• [Work instruction]
Among the entries that follow, find the lines containing the string "through" and copy them.

(Stored data)
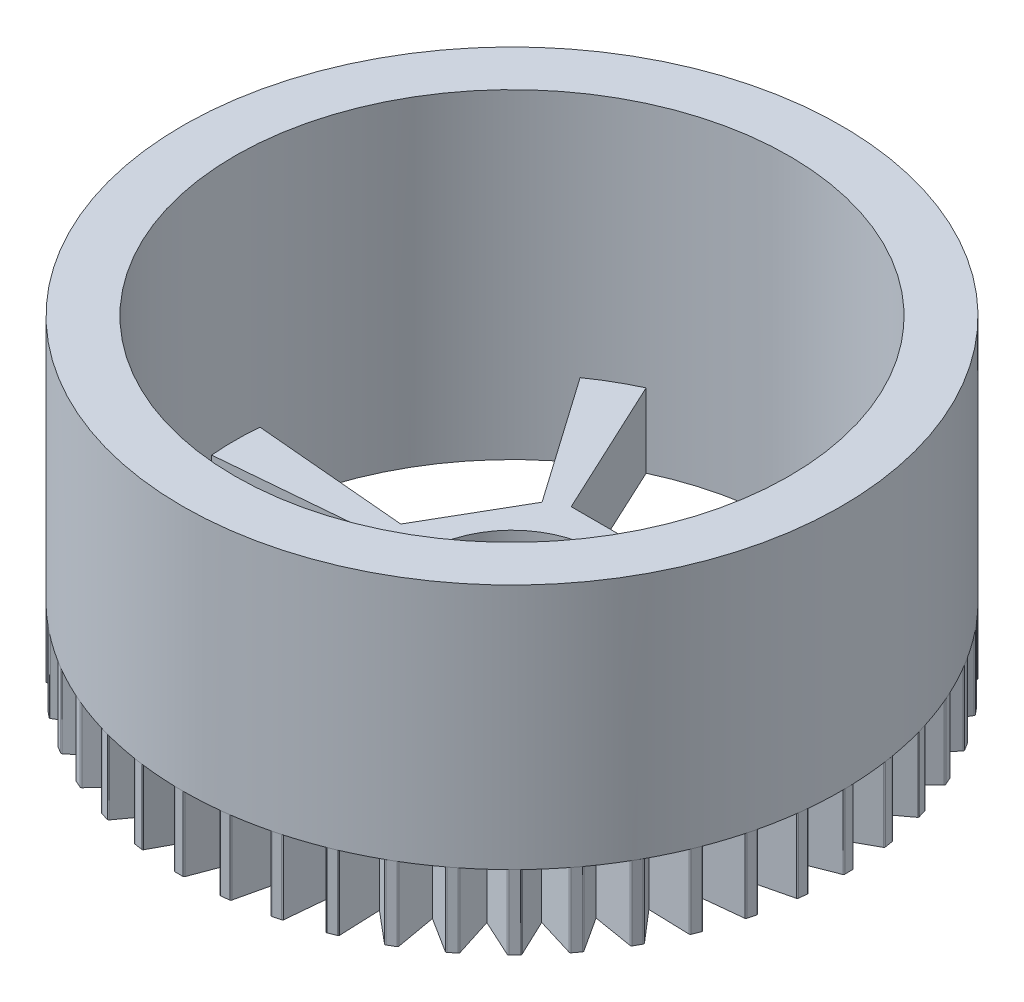
SolidWorks part; units mm, degrees
ref_plane "前视基准面" through (0, 0, 0) normal (0, 0, 1) x (1, 0, 0)
ref_plane "上视基准面" through (0, 0, 0) normal (0, 1, 0) x (1, 0, 0)
ref_plane "右视基准面" through (0, 0, 0) normal (1, 0, 0) x (0, 0, -1)
other "Configuration Table"
sketch "草图2" plane through (0, 0, 0) normal (0, 1, 0) x (1, 0, 0)
  line L0 (-2.5981, 4.5) -> (2.5981, 4.5)
  line L1 (0, 0) -> (2.5981, 4.5) construction
  line L2 (-2.5981, 4.5) -> (0, 0) construction
  line L3 (2.5981, 4.5) -> (5.1962, 0)
  line L4 (5.1962, 0) -> (2.5981, -4.5)
  line L5 (2.5981, -4.5) -> (-2.5981, -4.5)
  line L6 (-2.5981, -4.5) -> (-5.1962, 0)
  line L7 (-5.1962, 0) -> (-2.5981, 4.5)
  line L8 (2.5981, -4.5) -> (5.625, -9.7428) construction
  line L9 (2.8479, -4.0673) -> (6.4527, -9.2155)
  line L10 (2.0984, -4.5) -> (4.7545, -10.196)
  line L11 (-2.8479, -4.0673) -> (-6.4527, -9.2155)
  line L12 (-2.0984, -4.5) -> (-4.7545, -10.196)
  line L13 (-4.9463, 0.4327) -> (-11.2072, 0.9805)
  line L14 (-4.9463, -0.4327) -> (-11.2072, -0.9805)
  line L15 (-2.0984, 4.5) -> (-4.7545, 10.196)
  line L16 (-2.8479, 4.0673) -> (-6.4527, 9.2155)
  line L17 (2.8479, 4.0673) -> (6.4527, 9.2155)
  line L18 (2.0984, 4.5) -> (4.7545, 10.196)
  line L19 (4.9463, -0.4327) -> (11.2072, -0.9805)
  line L20 (4.9463, 0.4327) -> (11.2072, 0.9805)
  line L21 (5.1685, -10.5522) -> (6.4856, -11.6573)
  line L22 (6.5427, -11.6623) -> (6.8285, -11.4973)
  line L23 (6.5542, -9.7522) -> (6.8527, -11.4453)
  line L24 (3.716, -11.1469) -> (4.874, -12.4177)
  line L25 (4.9299, -12.4303) -> (5.2351, -12.3049)
  line L26 (5.1959, -10.5388) -> (5.2661, -12.2566)
  line L27 (2.1971, -11.5428) -> (3.1753, -12.9566)
  line L28 (3.2291, -12.9765) -> (3.5483, -12.8929)
  line L29 (3.7448, -11.1373) -> (3.5854, -12.8491)
  line L30 (0.639, -11.7326) -> (1.4201, -13.2642)
  line L31 (1.4707, -13.2911) -> (1.7982, -13.2508)
  line L32 (2.227, -11.537) -> (1.8408, -13.2124)
  line L33 (-0.9305, -11.7131) -> (-0.3606, -13.3351)
  line L34 (-0.3139, -13.3686) -> (0.016, -13.3722)
  line L35 (0.6694, -11.7309) -> (0.0634, -13.3399)
  line L36 (-2.4834, -11.4846) -> (-2.1347, -13.1681)
  line L37 (-2.093, -13.2074) -> (-1.7665, -13.2551)
  line L38 (-0.9002, -11.7155) -> (-1.7152, -13.2293)
  line L39 (-3.992, -11.0511) -> (-3.8708, -12.7661)
  line L40 (-3.8347, -12.8106) -> (-3.5174, -12.9013)
  line L41 (-2.4537, -11.491) -> (-3.4632, -12.8826)
  line L42 (-5.4294, -10.4204) -> (-5.5378, -12.1362)
  line L43 (-5.508, -12.1852) -> (-5.2056, -12.3174)
  line L44 (-3.9634, -11.0614) -> (-5.1494, -12.3061)
  line L45 (-6.7698, -9.6037) -> (-7.106, -11.2898)
  line L46 (-7.0829, -11.3423) -> (-6.8009, -11.5137)
  line L47 (-5.4024, -10.4344) -> (-6.7437, -11.5099)
  line L48 (-7.9895, -8.6157) -> (-8.5474, -10.242)
  line L49 (-8.5315, -10.2971) -> (-8.2749, -10.5044)
  line L50 (-6.7449, -9.6213) -> (-8.2176, -10.5084)
  line L51 (-9.0666, -7.474) -> (-9.8363, -9.0113)
  line L52 (-9.8279, -9.0681) -> (-9.6011, -9.3078)
  line L53 (-7.9671, -8.6364) -> (-9.5449, -9.3193)
  line L54 (-9.9818, -6.1988) -> (-10.9496, -7.6199)
  line L55 (-10.9488, -7.6772) -> (-10.7561, -7.945)
  line L56 (-9.0472, -7.4974) -> (-10.7019, -7.9639)
  line L57 (-10.719, -4.8131) -> (-11.8675, -6.0924)
  line L58 (-11.8744, -6.1494) -> (-11.7191, -6.4405)
  line L59 (-9.9657, -6.2247) -> (-11.6679, -6.4665)
  line L60 (-11.2649, -3.3414) -> (-12.5737, -4.4563)
  line L61 (-12.5881, -4.5118) -> (-12.4729, -4.821)
  line L62 (-10.7065, -4.8408) -> (-12.4257, -4.8536)
  line L63 (-11.6097, -1.8101) -> (-13.0554, -2.7406)
  line L64 (-13.0772, -2.7937) -> (-13.0042, -3.1155)
  line L65 (-11.2562, -3.3706) -> (-12.9618, -3.1541)
  line L66 (-11.7474, -0.2466) -> (-13.3043, -0.976)
  line L67 (-13.3328, -1.0258) -> (-13.3035, -1.3544)
  line L68 (-11.605, -1.8402) -> (-13.2665, -1.3983)
  line L69 (-11.6755, 1.3214) -> (-13.3156, 0.8059)
  line L70 (-13.3506, 0.7605) -> (-13.3653, 0.4308)
  line L71 (-11.7467, -0.277) -> (-13.3345, 0.3824)
  line L72 (-11.3952, 2.8658) -> (-13.0894, 2.5736)
  line L73 (-13.1301, 2.5331) -> (-13.1886, 2.2084)
  line L74 (-11.6788, 1.2912) -> (-13.1646, 2.1563)
  line L75 (-10.9115, 4.3591) -> (-12.6296, 4.2952)
  line L76 (-12.6753, 4.2606) -> (-12.7766, 3.9466)
  line L77 (-11.4025, 2.8363) -> (-12.7597, 3.8917)
  line L78 (-10.2331, 5.7745) -> (-11.9444, 5.9403)
  line L79 (-11.9943, 5.9121) -> (-12.1366, 5.6143)
  line L80 (-10.9228, 4.3308) -> (-12.1271, 5.5577)
  line L81 (-9.3722, 7.087) -> (-11.0461, 7.4793)
  line L82 (-11.0993, 7.458) -> (-11.28, 7.1819)
  line L83 (-10.2481, 5.748) -> (-11.2782, 7.1245)
  line L84 (-8.3439, 8.2729) -> (-9.9506, 8.8849)
  line L85 (-10.0062, 8.8708) -> (-10.2221, 8.6212)
  line L86 (-9.3905, 7.0627) -> (-10.2279, 8.5642)
  line L87 (-7.1668, 9.3112) -> (-8.6776, 10.1319)
  line L88 (-8.7346, 10.1254) -> (-8.9818, 9.9068)
  line L89 (-8.3654, 8.2513) -> (-8.9952, 9.851)
  line L90 (-5.8618, 10.1834) -> (-7.2497, 11.1981)
  line L91 (-7.3071, 11.1993) -> (-7.5812, 11.0156)
  line L92 (-7.1909, 9.2926) -> (-7.6019, 10.9621)
  line L93 (-4.4522, 10.8738) -> (-5.6925, 12.0645)
  line L94 (-5.7492, 12.0733) -> (-6.0453, 11.9277)
  line L95 (-5.8882, 10.1682) -> (-6.073, 11.8775)
  line L96 (-2.9631, 11.3702) -> (-4.0337, 12.7156)
  line L97 (-4.0887, 12.7318) -> (-4.4016, 12.6271)
  line L98 (-4.4804, 10.8623) -> (-4.4357, 12.581)
  line L99 (-1.4212, 11.6637) -> (-2.3028, 13.1397)
  line L100 (-2.3552, 13.1632) -> (-2.6793, 13.1011)
  line L101 (-2.9926, 11.3625) -> (-2.7192, 13.0599)
  line L102 (0.1461, 11.7491) -> (-0.5309, 13.3294)
  line L103 (-0.5797, 13.3597) -> (-0.9092, 13.3413)
  line L104 (-1.4514, 11.66) -> (-0.9542, 13.3058)
  line L105 (1.7108, 11.6248) -> (1.2504, 13.2813)
  line L106 (1.2062, 13.3177) -> (0.8772, 13.3434)
  line L107 (0.1157, 11.7494) -> (0.8278, 13.3143)
  line L108 (3.245, 11.293) -> (3.0095, 12.9961)
  line L109 (2.9705, 13.0381) -> (2.6479, 13.1075)
  line L110 (1.6807, 11.6292) -> (2.595, 13.0852)
  line L111 (4.7212, 10.7598) -> (4.7149, 12.479)
  line L112 (4.6818, 12.5259) -> (4.3713, 12.6376)
  line L113 (3.2157, 11.3014) -> (4.3159, 12.6225)
  line L114 (6.1133, 10.0345) -> (6.3361, 11.7392)
  line L115 (6.3095, 11.7901) -> (6.0167, 11.9422)
  line L116 (4.6933, 10.772) -> (5.9599, 11.9347)
  line L117 (7.3962, 9.1301) -> (7.8442, 10.79)
  line L118 (7.8247, 10.8439) -> (7.5548, 11.0337)
  line L119 (6.0872, 10.0503) -> (7.4974, 11.0338)
  line L120 (8.5471, 8.0628) -> (9.2124, 9.6482)
  line L121 (9.2003, 9.7042) -> (8.958, 9.9283)
  line L122 (7.3725, 9.1493) -> (8.9012, 9.936)
  line L123 (9.5455, 6.8517) -> (10.4162, 8.3342)
  line L124 (10.4116, 8.3914) -> (10.2014, 8.6457)
  line L125 (8.5262, 8.085) -> (10.1461, 8.661)
  line L126 (10.3736, 5.5183) -> (11.4341, 6.8715)
  line L127 (11.4372, 6.9288) -> (11.2627, 7.2089)
  line L128 (9.5277, 6.8764) -> (11.21, 7.2314)
  line L129 (11.0165, 4.0864) -> (12.2479, 5.2862)
  line L130 (12.2586, 5.3425) -> (12.1231, 5.6434)
  line L131 (10.3593, 5.5451) -> (12.0738, 5.6727)
  line L132 (11.4629, 2.5815) -> (12.8432, 3.6065)
  line L133 (12.8614, 3.6609) -> (12.7671, 3.9772)
  line L134 (11.0059, 4.1149) -> (12.7222, 4.0128)
  line L135 (11.7047, 1.0307) -> (13.2093, 1.8625)
  line L136 (13.2345, 1.914) -> (13.1833, 2.24)
  line L137 (11.4562, 2.6112) -> (13.1435, 2.2813)
  line L138 (11.7376, -0.5386) -> (13.3397, 0.0852)
  line L139 (13.3716, 0.1329) -> (13.3642, 0.4628)
  line L140 (11.702, 1.061) -> (13.3303, 0.5091)
  line L141 (11.5611, -2.0983) -> (13.2321, -1.6935)
  line L142 (13.27, -1.6505) -> (13.3067, -1.3226)
  line L143 (11.739, -0.5082) -> (13.2792, -1.2722)
  line L144 (11.1783, -3.6205) -> (12.8883, -3.4421)
  line L145 (12.9316, -3.4045) -> (13.0117, -3.0844)
  line L146 (11.5665, -2.0683) -> (12.9912, -3.0308)
  line L147 (10.596, -5.0781) -> (12.3145, -5.1292)
  line L148 (12.3624, -5.0977) -> (12.4845, -4.7911)
  line L149 (11.1876, -3.5916) -> (12.4713, -4.7353)
  line L150 (9.8246, -6.4451) -> (11.521, -6.7248)
  line L151 (11.5727, -6.7) -> (11.7345, -6.4124)
  line L152 (10.6091, -5.0507) -> (11.7288, -6.3553)
  line L153 (8.8779, -7.6971) -> (10.5218, -8.2004)
  line L154 (10.5764, -8.1827) -> (10.7751, -7.9192)
  line L155 (9.8413, -6.4197) -> (10.7771, -7.8619)
  line L156 (7.7727, -8.8118) -> (9.335, -9.5297)
  line L157 (9.3914, -9.5194) -> (9.6234, -9.2848)
  line L158 (8.8978, -7.6741) -> (9.6331, -9.2282)
  line L159 (6.5289, -9.7691) -> (7.9815, -10.6889)
  line L160 (8.0388, -10.6862) -> (8.3, -10.4846)
  line L161 (7.7955, -8.7916) -> (8.3171, -10.4298)
  circle A0 centre (0, 0) radius 3.5
  circle A1 centre (0, 0) radius 11.25
  circle A2 centre (0, 0) radius 11.75 construction
  arc A3 (6.8527, -11.4453) -> (6.8285, -11.4973) centre (6.8035, -11.454) cw
  arc A4 (6.4856, -11.6573) -> (6.5427, -11.6623) centre (6.5177, -11.619) ccw
  arc A5 (4.874, -12.4177) -> (4.9299, -12.4303) centre (4.9109, -12.3841) ccw
  arc A6 (5.2661, -12.2566) -> (5.2351, -12.3049) centre (5.2161, -12.2586) cw
  arc A7 (3.1753, -12.9566) -> (3.2291, -12.9765) centre (3.2165, -12.9281) ccw
  arc A8 (3.5854, -12.8491) -> (3.5483, -12.8929) centre (3.5357, -12.8445) cw
  arc A9 (1.4201, -13.2642) -> (1.4707, -13.2911) centre (1.4646, -13.2415) ccw
  arc A10 (1.8408, -13.2124) -> (1.7982, -13.2508) centre (1.7921, -13.2012) cw
  arc A11 (-0.3606, -13.3351) -> (-0.3139, -13.3686) centre (-0.3134, -13.3186) ccw
  arc A12 (0.0634, -13.3399) -> (0.016, -13.3722) centre (0.0166, -13.3222) cw
  arc A13 (-2.1347, -13.1681) -> (-2.093, -13.2074) centre (-2.0858, -13.158) ccw
  arc A14 (-1.7152, -13.2293) -> (-1.7665, -13.2551) centre (-1.7592, -13.2056) cw
  arc A15 (-3.8708, -12.7661) -> (-3.8347, -12.8106) centre (-3.8209, -12.7625) ccw
  arc A16 (-3.4632, -12.8826) -> (-3.5174, -12.9013) centre (-3.5037, -12.8533) cw
  arc A17 (-5.5378, -12.1362) -> (-5.508, -12.1852) centre (-5.4879, -12.1394) ccw
  arc A18 (-5.1494, -12.3061) -> (-5.2056, -12.3174) centre (-5.1856, -12.2716) cw
  arc A19 (-7.106, -11.2898) -> (-7.0829, -11.3423) centre (-7.057, -11.2996) ccw
  arc A20 (-6.7437, -11.5099) -> (-6.8009, -11.5137) centre (-6.775, -11.4709) cw
  arc A21 (-8.5474, -10.242) -> (-8.5315, -10.2971) centre (-8.5001, -10.2582) ccw
  arc A22 (-8.2176, -10.5084) -> (-8.2749, -10.5044) centre (-8.2434, -10.4656) cw
  arc A23 (-9.8363, -9.0113) -> (-9.8279, -9.0681) centre (-9.7916, -9.0337) ccw
  arc A24 (-9.5449, -9.3193) -> (-9.6011, -9.3078) centre (-9.5648, -9.2734) cw
  arc A25 (-10.9496, -7.6199) -> (-10.9488, -7.6772) centre (-10.9083, -7.648) ccw
  arc A26 (-10.7019, -7.9639) -> (-10.7561, -7.945) centre (-10.7155, -7.9158) cw
  arc A27 (-11.8675, -6.0924) -> (-11.8744, -6.1494) centre (-11.8303, -6.1258) ccw
  arc A28 (-11.6679, -6.4665) -> (-11.7191, -6.4405) centre (-11.675, -6.417) cw
  arc A29 (-12.5737, -4.4563) -> (-12.5881, -4.5118) centre (-12.5412, -4.4944) ccw
  arc A30 (-12.4257, -4.8536) -> (-12.4729, -4.821) centre (-12.4261, -4.8036) cw
  arc A31 (-13.0554, -2.7406) -> (-13.0772, -2.7937) centre (-13.0284, -2.7827) ccw
  arc A32 (-12.9618, -3.1541) -> (-13.0042, -3.1155) centre (-12.9555, -3.1045) cw
  arc A33 (-13.3043, -0.976) -> (-13.3328, -1.0258) centre (-13.283, -1.0213) ccw
  arc A34 (-13.2665, -1.3983) -> (-13.3035, -1.3544) centre (-13.2537, -1.35) cw
  arc A35 (-13.3156, 0.8059) -> (-13.3506, 0.7605) centre (-13.3006, 0.7582) ccw
  arc A36 (-13.3345, 0.3824) -> (-13.3653, 0.4308) centre (-13.3153, 0.4286) cw
  arc A37 (-13.0894, 2.5736) -> (-13.1301, 2.5331) centre (-13.0809, 2.5243) ccw
  arc A38 (-13.1646, 2.1563) -> (-13.1886, 2.2084) centre (-13.1394, 2.1995) cw
  arc A39 (-12.6296, 4.2952) -> (-12.6753, 4.2606) centre (-12.6277, 4.2453) ccw
  arc A40 (-12.7597, 3.8917) -> (-12.7766, 3.9466) centre (-12.729, 3.9312) cw
  arc A41 (-11.9444, 5.9403) -> (-11.9943, 5.9121) centre (-11.9492, 5.8905) ccw
  arc A42 (-12.1271, 5.5577) -> (-12.1366, 5.6143) centre (-12.0915, 5.5928) cw
  arc A43 (-11.0461, 7.4793) -> (-11.0993, 7.458) centre (-11.0575, 7.4306) ccw
  arc A44 (-11.2782, 7.1245) -> (-11.28, 7.1819) centre (-11.2381, 7.1545) cw
  arc A45 (-9.9506, 8.8849) -> (-10.0062, 8.8708) centre (-9.9684, 8.8381) ccw
  arc A46 (-10.2279, 8.5642) -> (-10.2221, 8.6212) centre (-10.1843, 8.5885) cw
  arc A47 (-8.6776, 10.1319) -> (-8.7346, 10.1254) centre (-8.7015, 10.0879) ccw
  arc A48 (-8.9952, 9.851) -> (-8.9818, 9.9068) centre (-8.9486, 9.8693) cw
  arc A49 (-7.2497, 11.1981) -> (-7.3071, 11.1993) centre (-7.2792, 11.1577) ccw
  arc A50 (-7.6019, 10.9621) -> (-7.5812, 11.0156) centre (-7.5533, 10.974) cw
  arc A51 (-5.6925, 12.0645) -> (-5.7492, 12.0733) centre (-5.7271, 12.0284) ccw
  arc A52 (-6.073, 11.8775) -> (-6.0453, 11.9277) centre (-6.0233, 11.8829) cw
  arc A53 (-4.0337, 12.7156) -> (-4.0887, 12.7318) centre (-4.0728, 12.6844) ccw
  arc A54 (-4.4357, 12.581) -> (-4.4016, 12.6271) centre (-4.3857, 12.5797) cw
  arc A55 (-2.3028, 13.1397) -> (-2.3552, 13.1632) centre (-2.3458, 13.1141) ccw
  arc A56 (-2.7192, 13.0599) -> (-2.6793, 13.1011) centre (-2.6698, 13.052) cw
  arc A57 (-0.5309, 13.3294) -> (-0.5797, 13.3597) centre (-0.5769, 13.3097) ccw
  arc A58 (-0.9542, 13.3058) -> (-0.9092, 13.3413) centre (-0.9064, 13.2914) cw
  arc A59 (1.2504, 13.2813) -> (1.2062, 13.3177) centre (1.2023, 13.2679) ccw
  arc A60 (0.8278, 13.3143) -> (0.8772, 13.3434) centre (0.8733, 13.2936) cw
  arc A61 (3.0095, 12.9961) -> (2.9705, 13.0381) centre (2.96, 12.9893) ccw
  arc A62 (2.595, 13.0852) -> (2.6479, 13.1075) centre (2.6374, 13.0586) cw
  arc A63 (4.7149, 12.479) -> (4.6818, 12.5259) centre (4.6649, 12.4788) ccw
  arc A64 (4.3159, 12.6225) -> (4.3713, 12.6376) centre (4.3544, 12.5905) cw
  arc A65 (6.3361, 11.7392) -> (6.3095, 11.7901) centre (6.2865, 11.7457) ccw
  arc A66 (5.9599, 11.9347) -> (6.0167, 11.9422) centre (5.9937, 11.8978) cw
  arc A67 (7.8442, 10.79) -> (7.8247, 10.8439) centre (7.796, 10.803) ccw
  arc A68 (7.4974, 11.0338) -> (7.5548, 11.0337) centre (7.526, 10.9928) cw
  arc A69 (9.2124, 9.6482) -> (9.2003, 9.7042) centre (9.1663, 9.6675) ccw
  arc A70 (8.9012, 9.936) -> (8.958, 9.9283) centre (8.9241, 9.8916) cw
  arc A71 (10.4162, 8.3342) -> (10.4116, 8.3914) centre (10.3731, 8.3595) ccw
  arc A72 (10.1461, 8.661) -> (10.2014, 8.6457) centre (10.1628, 8.6139) cw
  arc A73 (11.4341, 6.8715) -> (11.4372, 6.9288) centre (11.3947, 6.9023) ccw
  arc A74 (11.21, 7.2314) -> (11.2627, 7.2089) centre (11.2203, 7.1824) cw
  arc A75 (12.2479, 5.2862) -> (12.2586, 5.3425) centre (12.2131, 5.322) ccw
  arc A76 (12.0738, 5.6727) -> (12.1231, 5.6434) centre (12.0775, 5.6228) cw
  arc A77 (12.8432, 3.6065) -> (12.8614, 3.6609) centre (12.8134, 3.6467) ccw
  arc A78 (12.7222, 4.0128) -> (12.7671, 3.9772) centre (12.7192, 3.9629) cw
  arc A79 (13.2093, 1.8625) -> (13.2345, 1.914) centre (13.1852, 1.9063) ccw
  arc A80 (13.1435, 2.2813) -> (13.1833, 2.24) centre (13.1339, 2.2322) cw
  arc A81 (13.3397, 0.0852) -> (13.3716, 0.1329) centre (13.3216, 0.1318) ccw
  arc A82 (13.3303, 0.5091) -> (13.3642, 0.4628) centre (13.3142, 0.4617) cw
  arc A83 (13.2321, -1.6935) -> (13.27, -1.6505) centre (13.2203, -1.6449) ccw
  arc A84 (13.2792, -1.2722) -> (13.3067, -1.3226) centre (13.257, -1.317) cw
  arc A85 (12.8883, -3.4421) -> (12.9316, -3.4045) centre (12.8831, -3.3924) ccw
  arc A86 (12.9912, -3.0308) -> (13.0117, -3.0844) centre (12.9632, -3.0722) cw
  arc A87 (12.3145, -5.1292) -> (12.3624, -5.0977) centre (12.316, -5.0792) ccw
  arc A88 (12.4713, -4.7353) -> (12.4845, -4.7911) centre (12.438, -4.7726) cw
  arc A89 (11.521, -6.7248) -> (11.5727, -6.7) centre (11.5291, -6.6755) ccw
  arc A90 (11.7288, -6.3553) -> (11.7345, -6.4124) centre (11.6909, -6.3879) cw
  arc A91 (10.5218, -8.2004) -> (10.5764, -8.1827) centre (10.5365, -8.1526) ccw
  arc A92 (10.7771, -7.8619) -> (10.7751, -7.9192) centre (10.7352, -7.8891) cw
  arc A93 (9.335, -9.5297) -> (9.3914, -9.5194) centre (9.3558, -9.4842) ccw
  arc A94 (9.6331, -9.2282) -> (9.6234, -9.2848) centre (9.5879, -9.2496) cw
  arc A95 (7.9815, -10.6889) -> (8.0388, -10.6862) centre (8.0082, -10.6466) ccw
  arc A96 (8.3171, -10.4298) -> (8.3, -10.4846) centre (8.2695, -10.445) cw
  point P6 (0, 4.5)
  point P18 (6.6856, -11.5798)
  point P47 (6.8588, -11.4798)
  point P50 (6.5124, -11.6798)
  dimension "D1" = 7
  dimension "D5" = 22.5
  dimension "D8" = 23.5
  dimension "D2" = 110
  dimension "D11" = 0.05
  dimension "D3" = 4.5
  dimension "D6" = 5
  dimension "D9" = 0.2
  dimension "D10" = 0.8
  dimension "D4" = 6
  dimension "D7" = 6
  dimension "D12" = 47
extrude "凸台-拉伸4" add sketch "草图2" along normal blind 3
sketch "草图4" plane through (0, 3, 0) normal (0, 1, 0) x (1, 0, 0)
  line L0 (12.3624, -5.0977) -> (12.4845, -4.7911) construction
  circle A0 centre (0, 0) radius 13.3712
  circle A1 centre (0, 0) radius 13.3712
  circle A3 centre (0, 0) radius 11.25
  arc A4 (6.4527, -9.2155) -> (11.2072, -0.9805) centre (0, 0) ccw construction
extrude "凸台-拉伸5" add sketch "草图4" along normal blind 10 contours A0 A3

• [The answer]
ref_plane "前视基准面" through (0, 0, 0) normal (0, 0, 1) x (1, 0, 0)
ref_plane "上视基准面" through (0, 0, 0) normal (0, 1, 0) x (1, 0, 0)
ref_plane "右视基准面" through (0, 0, 0) normal (1, 0, 0) x (0, 0, -1)
sketch "草图2" plane through (0, 0, 0) normal (0, 1, 0) x (1, 0, 0)
sketch "草图4" plane through (0, 3, 0) normal (0, 1, 0) x (1, 0, 0)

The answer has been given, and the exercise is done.